### EXERCISE PROMPT
Where in the records does the word "Locations" occur? Copy each line in which it does.

### DATA FOR THE TASK
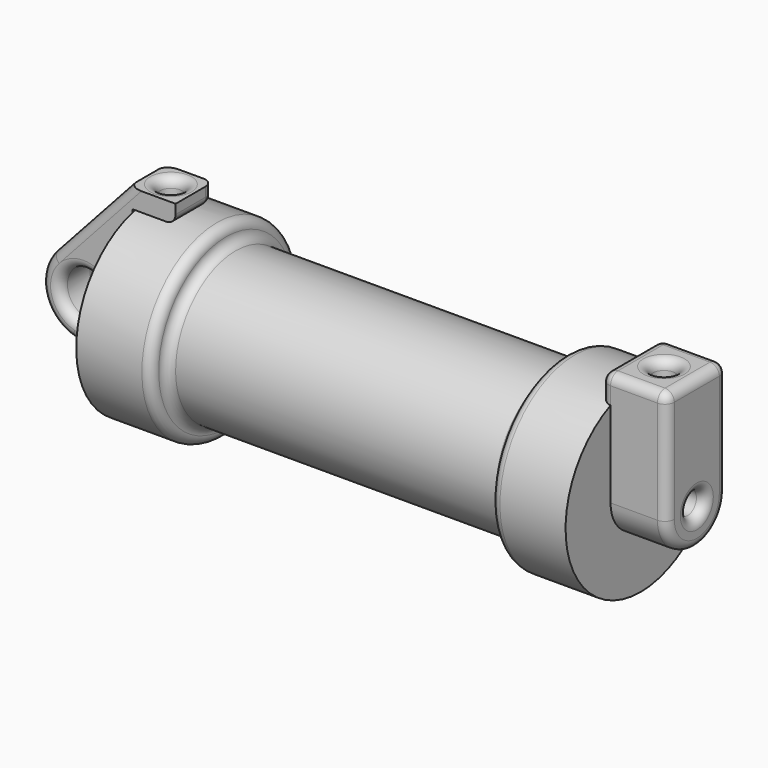
from build123d import *

# Parameters (mm, degrees)
F0_W            = 5.842
F0_H            = 12.7
F0_R            = 3.175
F2_DEPTH        = 3.175
F3_R            = 1.524
F4_DEPTH        = 7.62
F4_DEPTH_BACK   = 1.27
F5_DEPTH        = 56.134
F6_R            = 1.524
F7_DEPTH        = 10.414
F8_R            = 1.524
F9_DEPTH        = 17.78
F10_F1_R        = 1.27
F10_F2_R        = 1.2699
F10_2_T1_DEPTH  = 18.5821257943
F10_2_T3_DEPTH  = 4.572
F10_2_T5_DEPTH  = 4.445
F10_2_T7_DEPTH  = 8.255
F10_2_T9_DEPTH  = 17.7294216388
F10_2_S13_W     = 1.27
F10_2_S13_H     = 1.27
F10_2_T14_DEPTH = 1.27
F10_2_T20_ANGLE = 116.8111069241
F10_2_T26_ANGLE = 116.8111069241


# Not quite as in the source:
# - a fillet or chamfer that OpenCascade refuses, or shapes differently, is made with other operations: its cross-section is extruded or revolved along the edge and cut away or added
# - a fillet or chamfer is up to 0.001 mm smaller than in the source, because OpenCascade refuses the exact size


with BuildPart() as f1:
    # F0 (on Front) → F1 (revolve)
    with BuildSketch(Plane.XZ):
        with Locations((2.921, 6.35)):
            Rectangle(F0_W, F0_H)
        Polygon((5.842, 12.7), (5.842, 0), (66.294, 0), (66.294, 12.7), (56.134, 12.7), (56.134, 10.16), (10.16, 10.16), (10.16, 12.7), align=None)
    revolve(axis=Axis((33.147, 0, 0), (-1, 0, 0)))

    # F3 (on face) → F4 (join, two sides)
    with BuildSketch(Plane.YZ.offset(66.294)) as f4_sk:
        with BuildLine():
            ThreePointArc((-5.08, 0), (0, 5.08), (5.08, 0))
            Line((5.08, 0), (5.08, 11.6397422652))
            ThreePointArc((5.08, 11.6397422652), (0, 12.7), (-5.08, 11.6397422652))
            Line((-5.08, 11.6397422652), (-5.08, 0))
        make_face()
        with BuildLine():
            ThreePointArc((-5.08, 0), (0, -5.08), (5.08, 0))
            ThreePointArc((5.08, 0), (0, 5.08), (-5.08, 0))
        make_face()
        Circle(F3_R, mode=Mode.SUBTRACT)
        with BuildLine():
            ThreePointArc((-5.08, 11.6397422652), (0, 12.7), (5.08, 11.6397422652))
            Line((5.08, 11.6397422652), (5.08, 15.24))
            Line((5.08, 15.24), (-5.08, 15.24))
            Line((-5.08, 15.24), (-5.08, 11.6397422652))
        make_face()
    extrude(amount=F4_DEPTH)
    extrude(f4_sk.sketch, amount=-F4_DEPTH_BACK)

    # F3 (on face) → F5 (cut, through all)
    with BuildSketch(Plane.YZ.offset(66.294)):
        Circle(F3_R)
    extrude(amount=-F5_DEPTH, mode=Mode.SUBTRACT)

    # F6 (on face) → F7 (cut)
    with BuildSketch(Plane.XY.offset(15.24)):
        with Locations((69.469, 0)):
            Circle(F6_R)
    extrude(amount=-F7_DEPTH, mode=Mode.SUBTRACT)


with BuildPart() as f2:
    # F0 (on Front) → F2 (new body, symmetric)
    with BuildSketch(Plane.XZ):
        with BuildLine():
            Line((-0.9398, 0), (0, 0))
            Line((0, 0), (0, 12.7))
            Line((0, 12.7), (5.842, 12.7))
            Line((5.842, 12.7), (5.842, 15.24))
            Line((5.842, 15.24), (-0.508, 15.24))
            Line((-0.508, 15.24), (-10.8806298187, 3.8475430269))
            ThreePointArc((-10.8806298187, 3.8475430269), (-4.5919612295, 5.3297205562), (-0.9398, 0))
        make_face()
        with BuildLine():
            Line((5.842, 0), (0, 0))
            Line((0, 0), (-0.9398, 0))
            ThreePointArc((-0.9398, 0), (-3.1957909266, -4.5493385486), (-8.1826630726, -5.5069827884))
            Line((-8.1826630726, -5.5069827884), (5.842, -9.398))
            Line((5.842, -9.398), (5.842, 0))
        make_face()
        with BuildLine():
            ThreePointArc((-8.1826630726, -5.5069827884), (-3.1957909266, -4.5493385486), (-0.9398, 0))
            ThreePointArc((-0.9398, 0), (-4.5919612295, 5.3297205562), (-10.8806298187, 3.8475430269))
            ThreePointArc((-10.8806298187, 3.8475430269), (-12.1459778134, -1.5837270034), (-8.1826630726, -5.5069827884))
        make_face()
        with Locations((-6.6548, 0)):
            Circle(F0_R, mode=Mode.SUBTRACT)
    extrude(amount=F2_DEPTH, both=True)


with BuildPart() as f9_tool:
    # F8 (on face) → F9 (new body)
    with BuildSketch(Plane.XY.offset(15.24)):
        with Locations((2.667, 0)):
            Circle(F8_R)
    extrude(amount=-F9_DEPTH)


with BuildPart() as f1_1:
    add(f1.part)

    # F9: cut by f9_tool
    add(f9_tool.part, mode=Mode.SUBTRACT)

    # F10: fillet of radius 1.27 on 14 edges, made by hand

    # F10_f1
    f10_f1_edges = [f1_1.edges().sort_by_distance(p)[0] for p in [
        (10.16, 0, -10.16),
        (56.134, 0, -10.16),
    ]]
    fillet(f10_f1_edges, radius=F10_F1_R)

    # F10_f2 (radius 1.27 in the source; OpenCascade refuses exactly that, so slightly less here)
    f10_f2_edges = [f1_1.edges().sort_by_distance(p)[0] for p in [
        (73.914, -1.524, 0),
        (73.914, 0, -5.08),
        (65.024, 5.08, 13.4398711326),
        (65.024, 0, 15.24),
        (65.024, -5.08, 13.4398711326),
        (67.945, 0, 15.24),
        (73.914, 0, 15.24),
        (10.16, 0, -12.7),
        (56.134, 0, -12.7),
        (69.469, -5.08, 15.24),
        (69.469, 5.08, 15.24),
        (73.914, -5.08, 7.62),
        (73.914, 5.08, 7.62),
    ]]
    fillet(f10_f2_edges, radius=F10_F2_R)


with BuildPart() as f2_1:
    add(f2.part)

    # F9: cut by f9_tool
    add(f9_tool.part, mode=Mode.SUBTRACT)

    # F10#2: fillet of radius 1.27 on 10 edges, made by hand

    # F10_2_s2 → F10_2_t1 (cut)
    with BuildSketch(Plane(origin=(9.4938886236, 0, 10.4273187748), x_dir=(0, 1, 0), z_dir=(-0.6732358752, 0, -0.7394277898))):
        with BuildLine():
            ThreePointArc((3.175, -9.3657440555), (2.8030256121, -10.2637696676), (1.905, -10.6357440555))
            Line((1.905, -10.6357440555), (3.175, -10.6357440555))
            Line((3.175, -10.6357440555), (3.175, -9.3657440555))
        make_face()
        with BuildLine():
            ThreePointArc((-3.175, -9.3657440555), (-2.8030256121, -10.2637696676), (-1.905, -10.6357440555))
            Line((-1.905, -10.6357440555), (-3.175, -10.6357440555))
            Line((-3.175, -10.6357440555), (-3.175, -9.3657440555))
        make_face()
    extrude(amount=F10_2_T1_DEPTH, mode=Mode.SUBTRACT)

    # F10_2_s4 → F10_2_t3 (cut)
    with BuildSketch(Plane.YZ):
        with BuildLine():
            ThreePointArc((3.175, 13.97), (2.8030256121, 13.0719743879), (1.905, 12.7))
            Line((1.905, 12.7), (3.175, 12.7))
            Line((3.175, 12.7), (3.175, 13.97))
        make_face()
    extrude(amount=F10_2_T3_DEPTH, mode=Mode.SUBTRACT)

    # F10_2_s6 → F10_2_t5 (cut)
    with BuildSketch(Plane.XY.offset(13.97)):
        with BuildLine():
            ThreePointArc((4.572, 3.175), (5.4700256121, 2.8030256121), (5.842, 1.905))
            Line((5.842, 1.905), (5.842, 3.175))
            Line((5.842, 3.175), (4.572, 3.175))
        make_face()
    extrude(amount=F10_2_T5_DEPTH, mode=Mode.SUBTRACT)

    # F10_2_s8 → F10_2_t7 (cut)
    with BuildSketch(Plane.XZ.offset(-1.905)):
        with BuildLine():
            ThreePointArc((4.572, 12.7), (5.4700256121, 13.0719743879), (5.842, 13.97))
            Line((5.842, 13.97), (5.842, 12.7))
            Line((5.842, 12.7), (4.572, 12.7))
        make_face()
    extrude(amount=F10_2_T7_DEPTH, mode=Mode.SUBTRACT)

    # F10_2_s10 → F10_2_t9 (cut)
    with BuildSketch(Plane(origin=(-6.179167626, 0, 1.7143547379), x_dir=(0, 1, 0), z_dir=(0.9636015378, 0, -0.2673426199))):
        with BuildLine():
            ThreePointArc((-1.905, -7.4941116667), (-2.8030256121, -7.1221372788), (-3.175, -6.2241116667))
            Line((-3.175, -6.2241116667), (-3.175, -7.4941116667))
            Line((-3.175, -7.4941116667), (-1.905, -7.4941116667))
        make_face()
        with BuildLine():
            ThreePointArc((1.905, -7.4941116667), (2.8030256121, -7.1221372788), (3.175, -6.2241116667))
            Line((3.175, -6.2241116667), (3.175, -7.4941116667))
            Line((3.175, -7.4941116667), (1.905, -7.4941116667))
        make_face()
    extrude(amount=F10_2_T9_DEPTH, mode=Mode.SUBTRACT)


with BuildPart() as f10_2_tool12:
    # F10_2_s13 → F10_2_t14 (new body)
    with BuildSketch(Plane.YZ.offset(4.572)):
        with Locations((2.54, 13.335)):
            Rectangle(F10_2_S13_W, F10_2_S13_H)
    extrude(amount=F10_2_T14_DEPTH)

    # F10_2_s15 → F10_2_t16 (revolve, cut)
    with BuildSketch(Plane(origin=(4.572, 1.905, 13.97), x_dir=(0, -0.7071067812, 0.7071067812), z_dir=(0, 0.7071067812, 0.7071067812))):
        with BuildLine():
            ThreePointArc((0, -1.27), (1.27, 0), (0, 1.27))
            Line((0, 1.27), (0, -1.27))
        make_face()
    revolve(axis=Axis((4.572, 1.905, 13.97), (1, 0, 0)), mode=Mode.SUBTRACT)


with BuildPart() as f2_2:
    add(f2_1.part)

    # F10_2_t11: cut F10_2_tool12
    add(f10_2_tool12.part, mode=Mode.SUBTRACT)

    # F10_2_s17 → F10_2_t18 (revolve, cut)
    with BuildSketch(Plane.XY):
        with BuildLine():
            ThreePointArc((-2.2098, 3.175), (-3.1078256121, 2.8030256121), (-3.4798, 1.905))
            Line((-3.4798, 1.905), (-3.4798, 3.175))
            Line((-3.4798, 3.175), (-2.2098, 3.175))
        make_face()
    revolve(axis=Axis((-6.6548, 3.175, 0), (0, -1, 0)), mode=Mode.SUBTRACT)

    # F10_2_s19 → F10_2_t20 (revolve, cut)
    with BuildSketch(Plane(origin=(-3.0162650989, 0, -3.3128214309), x_dir=(0, 1, 0), z_dir=(0.6732358752, 0, 0.7394277898))):
        with BuildLine():
            ThreePointArc((3.175, 9.3657440555), (2.8030256121, 10.2637696676), (1.905, 10.6357440555))
            Line((1.905, 10.6357440555), (3.175, 10.6357440555))
            Line((3.175, 10.6357440555), (3.175, 9.3657440555))
        make_face()
    revolve(axis=Axis((-6.6548, 3.175, 0), (0, -1, 0)), revolution_arc=F10_2_T20_ANGLE, mode=Mode.SUBTRACT)

    # F10_2_s21 → F10_2_t22 (revolve, cut)
    with BuildSketch(Plane.XY):
        with BuildLine():
            ThreePointArc((-2.2098, -3.175), (-3.1078256121, -2.8030256121), (-3.4798, -1.905))
            Line((-3.4798, -1.905), (-3.4798, -3.175))
            Line((-3.4798, -3.175), (-2.2098, -3.175))
        make_face()
    revolve(axis=Axis((-6.6548, -3.175, 0), (0, -1, 0)), mode=Mode.SUBTRACT)

    # F10_2_s23 → F10_2_t24 (revolve, cut)
    with BuildSketch(Plane.XZ):
        with BuildLine():
            ThreePointArc((5.461, 15.24), (4.5629743879, 14.8680256121), (4.191, 13.97))
            Line((4.191, 13.97), (4.191, 15.24))
            Line((4.191, 15.24), (5.461, 15.24))
        make_face()
    revolve(axis=Axis((2.667, 0, 15.24), (0, 0, 1)), mode=Mode.SUBTRACT)

    # F10_2_s25 → F10_2_t26 (revolve, cut)
    with BuildSketch(Plane(origin=(-3.0162650989, 0, -3.3128214309), x_dir=(0, 1, 0), z_dir=(0.6732358752, 0, 0.7394277898))):
        with BuildLine():
            ThreePointArc((-3.175, 9.3657440555), (-2.8030256121, 10.2637696676), (-1.905, 10.6357440555))
            Line((-1.905, 10.6357440555), (-3.175, 10.6357440555))
            Line((-3.175, 10.6357440555), (-3.175, 9.3657440555))
        make_face()
    revolve(axis=Axis((-6.6548, -3.175, 0), (0, -1, 0)), revolution_arc=F10_2_T26_ANGLE, mode=Mode.SUBTRACT)


solid = Compound([f1_1.part, f2_2.part])

### TASK ANSWER
        with Locations((2.921, 6.35)):
        with Locations((69.469, 0)):
        with Locations((-6.6548, 0)):
        with Locations((2.667, 0)):
        with Locations((2.54, 13.335)):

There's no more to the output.